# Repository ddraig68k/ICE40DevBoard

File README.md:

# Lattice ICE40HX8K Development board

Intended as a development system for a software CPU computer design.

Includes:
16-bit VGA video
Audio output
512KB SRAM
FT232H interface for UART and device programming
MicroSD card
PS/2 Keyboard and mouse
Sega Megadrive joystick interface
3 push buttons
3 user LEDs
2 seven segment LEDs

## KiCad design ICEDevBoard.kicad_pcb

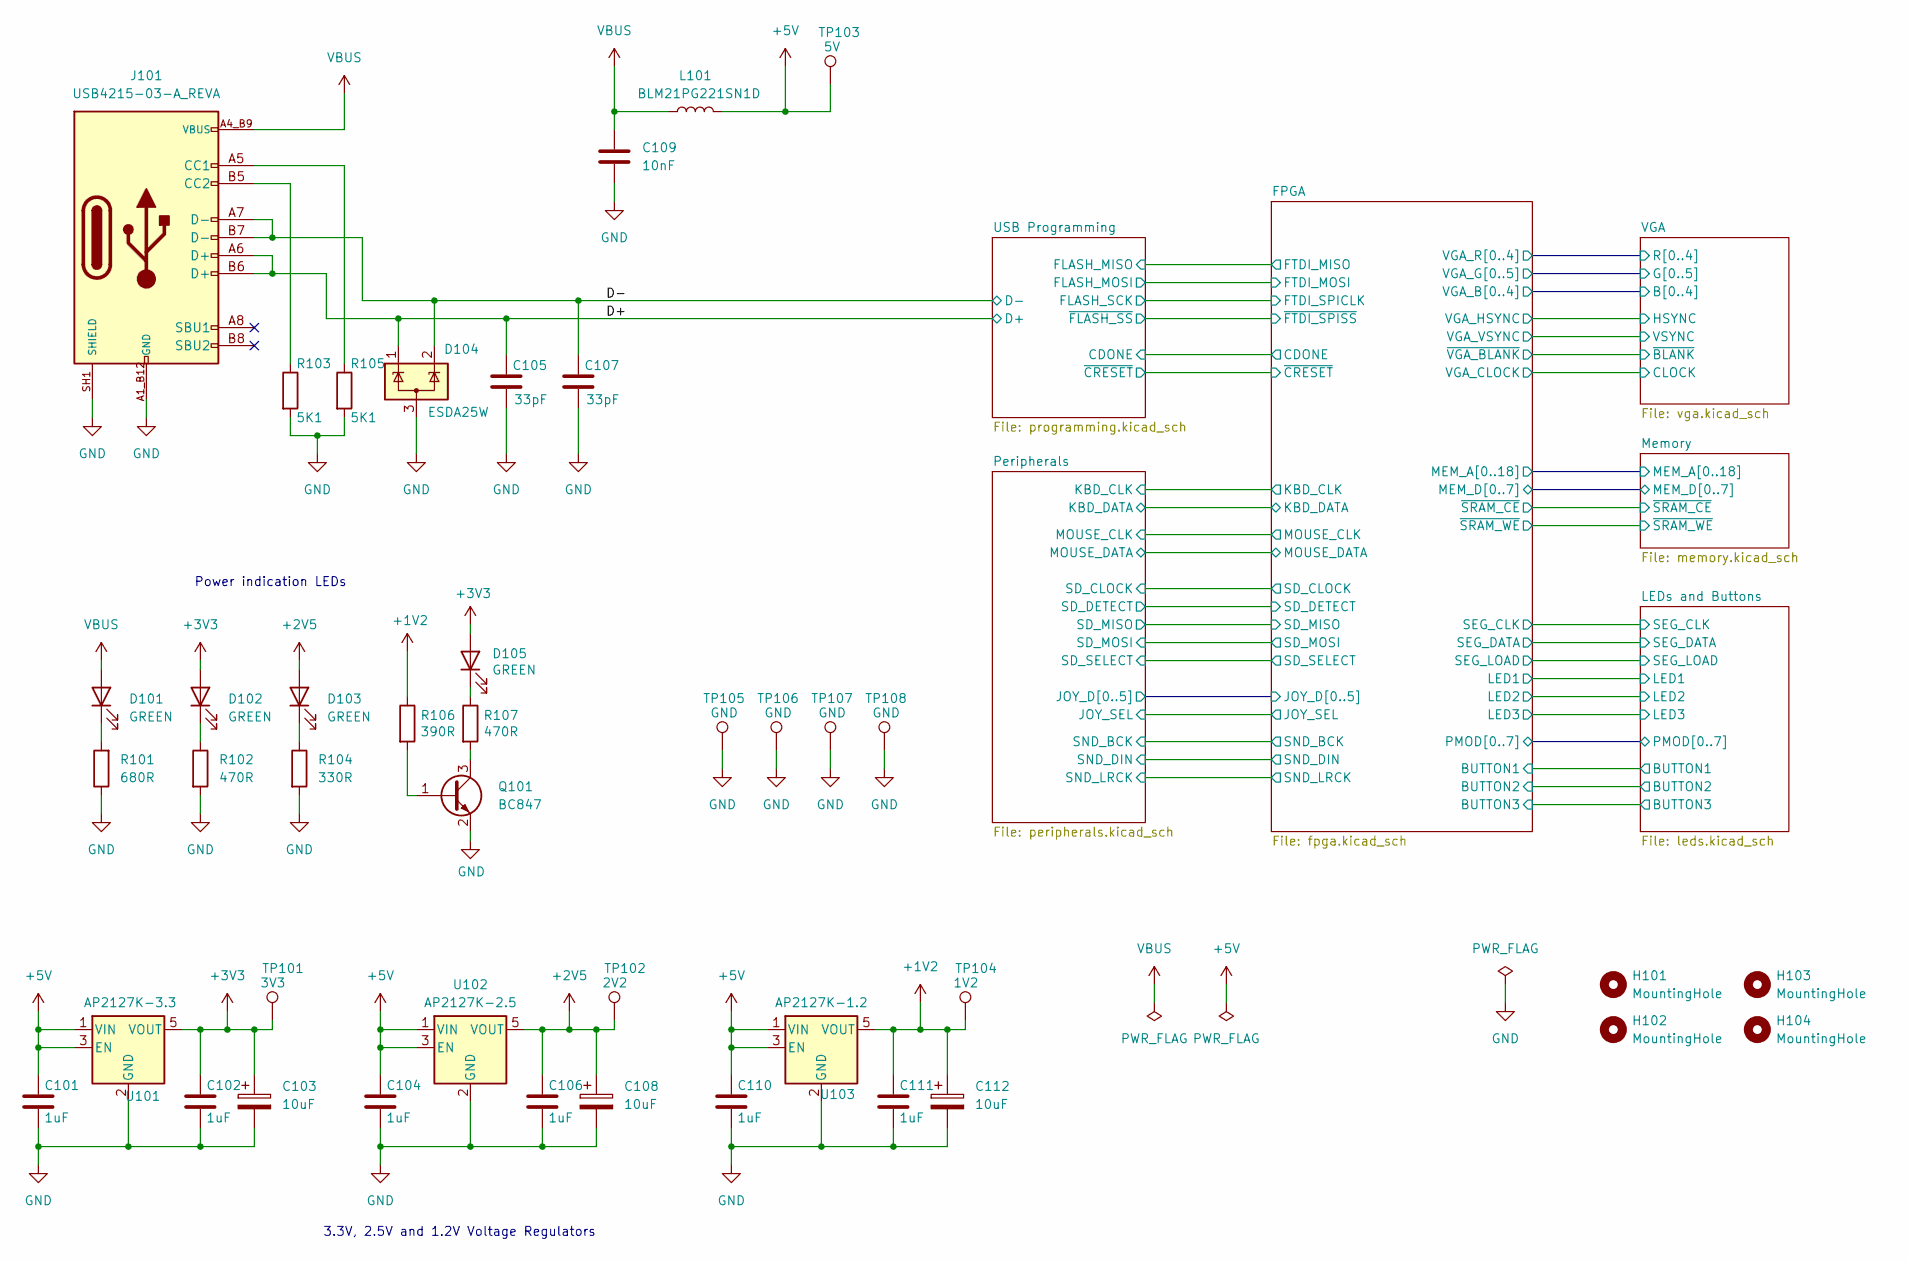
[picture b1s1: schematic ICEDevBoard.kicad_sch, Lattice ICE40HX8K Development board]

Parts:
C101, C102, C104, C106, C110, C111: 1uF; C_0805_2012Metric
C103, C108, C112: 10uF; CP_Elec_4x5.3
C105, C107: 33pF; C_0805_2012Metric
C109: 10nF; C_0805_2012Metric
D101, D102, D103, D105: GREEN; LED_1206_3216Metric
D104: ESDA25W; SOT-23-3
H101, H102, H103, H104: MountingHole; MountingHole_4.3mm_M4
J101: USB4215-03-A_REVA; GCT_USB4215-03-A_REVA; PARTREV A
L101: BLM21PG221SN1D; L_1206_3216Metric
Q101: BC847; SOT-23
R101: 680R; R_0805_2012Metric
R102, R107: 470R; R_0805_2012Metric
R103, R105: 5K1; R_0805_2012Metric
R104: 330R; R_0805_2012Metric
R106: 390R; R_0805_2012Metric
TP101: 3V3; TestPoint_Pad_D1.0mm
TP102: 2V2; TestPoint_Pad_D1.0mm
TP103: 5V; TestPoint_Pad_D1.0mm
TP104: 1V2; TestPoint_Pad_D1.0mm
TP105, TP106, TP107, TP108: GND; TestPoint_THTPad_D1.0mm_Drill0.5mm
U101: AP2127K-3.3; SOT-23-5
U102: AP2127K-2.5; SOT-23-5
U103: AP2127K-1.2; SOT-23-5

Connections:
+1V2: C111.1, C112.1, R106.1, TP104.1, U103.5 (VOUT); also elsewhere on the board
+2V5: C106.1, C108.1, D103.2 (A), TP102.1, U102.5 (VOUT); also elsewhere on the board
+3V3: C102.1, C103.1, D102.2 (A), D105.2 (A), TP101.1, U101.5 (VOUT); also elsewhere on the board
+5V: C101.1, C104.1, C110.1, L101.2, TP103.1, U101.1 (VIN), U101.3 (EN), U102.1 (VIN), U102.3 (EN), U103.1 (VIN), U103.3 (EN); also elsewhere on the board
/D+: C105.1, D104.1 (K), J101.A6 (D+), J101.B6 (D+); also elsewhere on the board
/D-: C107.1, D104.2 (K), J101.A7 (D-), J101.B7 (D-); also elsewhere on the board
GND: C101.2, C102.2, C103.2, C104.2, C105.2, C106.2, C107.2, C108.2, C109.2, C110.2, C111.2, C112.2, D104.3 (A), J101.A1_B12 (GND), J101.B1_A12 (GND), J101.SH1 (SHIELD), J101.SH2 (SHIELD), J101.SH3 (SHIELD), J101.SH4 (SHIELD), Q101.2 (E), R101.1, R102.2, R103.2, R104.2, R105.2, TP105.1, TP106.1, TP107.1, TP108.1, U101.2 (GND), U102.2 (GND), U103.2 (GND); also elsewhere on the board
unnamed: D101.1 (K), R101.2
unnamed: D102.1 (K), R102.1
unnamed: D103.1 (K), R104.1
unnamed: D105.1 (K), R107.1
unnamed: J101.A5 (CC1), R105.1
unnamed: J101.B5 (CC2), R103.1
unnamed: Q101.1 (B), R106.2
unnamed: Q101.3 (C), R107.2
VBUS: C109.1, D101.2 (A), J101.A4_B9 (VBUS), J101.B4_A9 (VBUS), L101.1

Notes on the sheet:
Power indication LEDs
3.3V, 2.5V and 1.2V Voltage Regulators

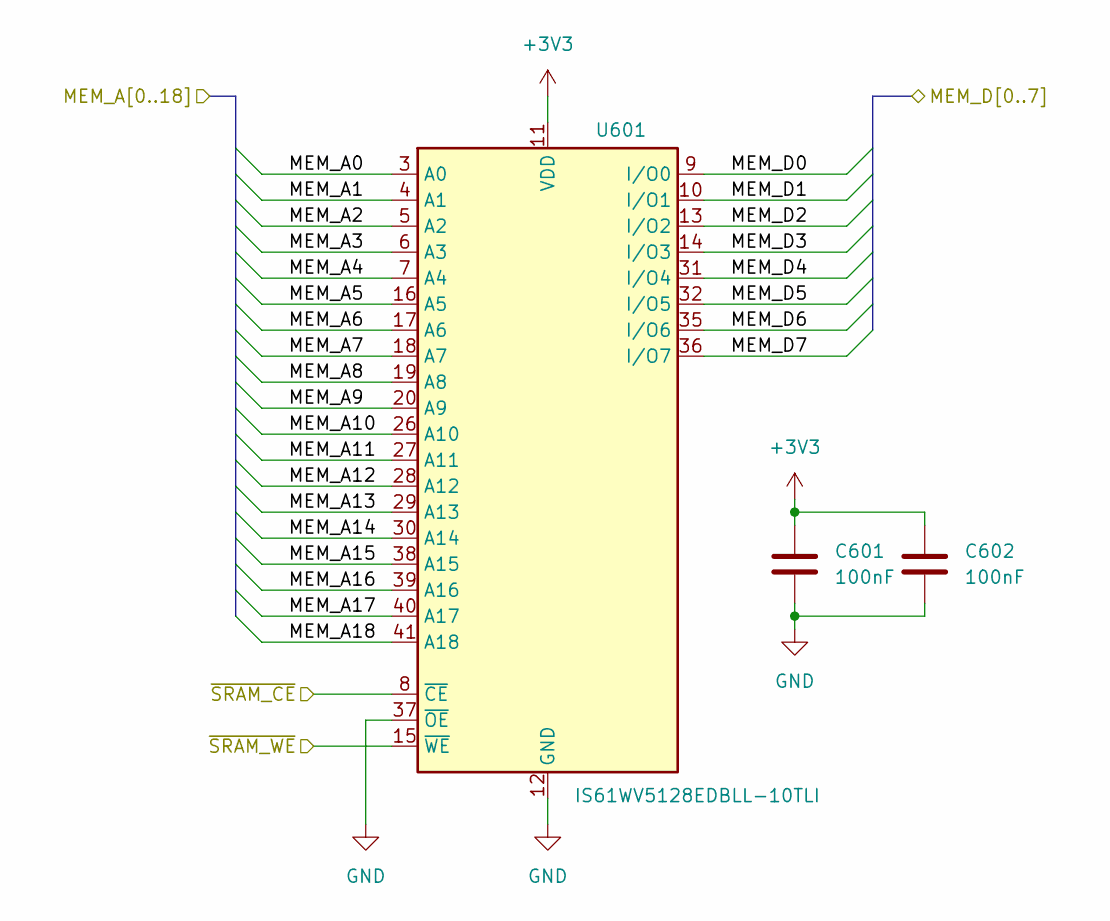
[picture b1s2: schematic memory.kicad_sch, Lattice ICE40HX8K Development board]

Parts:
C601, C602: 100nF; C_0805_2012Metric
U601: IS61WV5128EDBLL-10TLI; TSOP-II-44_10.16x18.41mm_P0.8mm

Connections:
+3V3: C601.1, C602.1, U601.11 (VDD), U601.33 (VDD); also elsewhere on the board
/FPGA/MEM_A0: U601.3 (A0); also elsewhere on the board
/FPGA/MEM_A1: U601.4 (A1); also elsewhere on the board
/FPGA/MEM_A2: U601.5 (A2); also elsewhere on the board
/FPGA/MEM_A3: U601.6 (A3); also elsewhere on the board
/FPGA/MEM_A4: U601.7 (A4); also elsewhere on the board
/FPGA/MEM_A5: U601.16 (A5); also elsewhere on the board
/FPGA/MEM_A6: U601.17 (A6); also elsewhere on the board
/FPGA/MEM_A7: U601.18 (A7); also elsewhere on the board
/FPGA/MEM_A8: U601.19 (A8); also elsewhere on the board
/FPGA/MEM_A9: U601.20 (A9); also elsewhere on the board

══════

▶ _Work order_
When you reach the line that contains "3 push buttons", stop; that line and every line before it, from the very first line of the data, should be restated word for word.

▶ _Your response_
# Repository ddraig68k/ICE40DevBoard

File README.md:

# Lattice ICE40HX8K Development board

Intended as a development system for a software CPU computer design.

Includes:
16-bit VGA video
Audio output
512KB SRAM
FT232H interface for UART and device programming
MicroSD card
PS/2 Keyboard and mouse
Sega Megadrive joystick interface
3 push buttons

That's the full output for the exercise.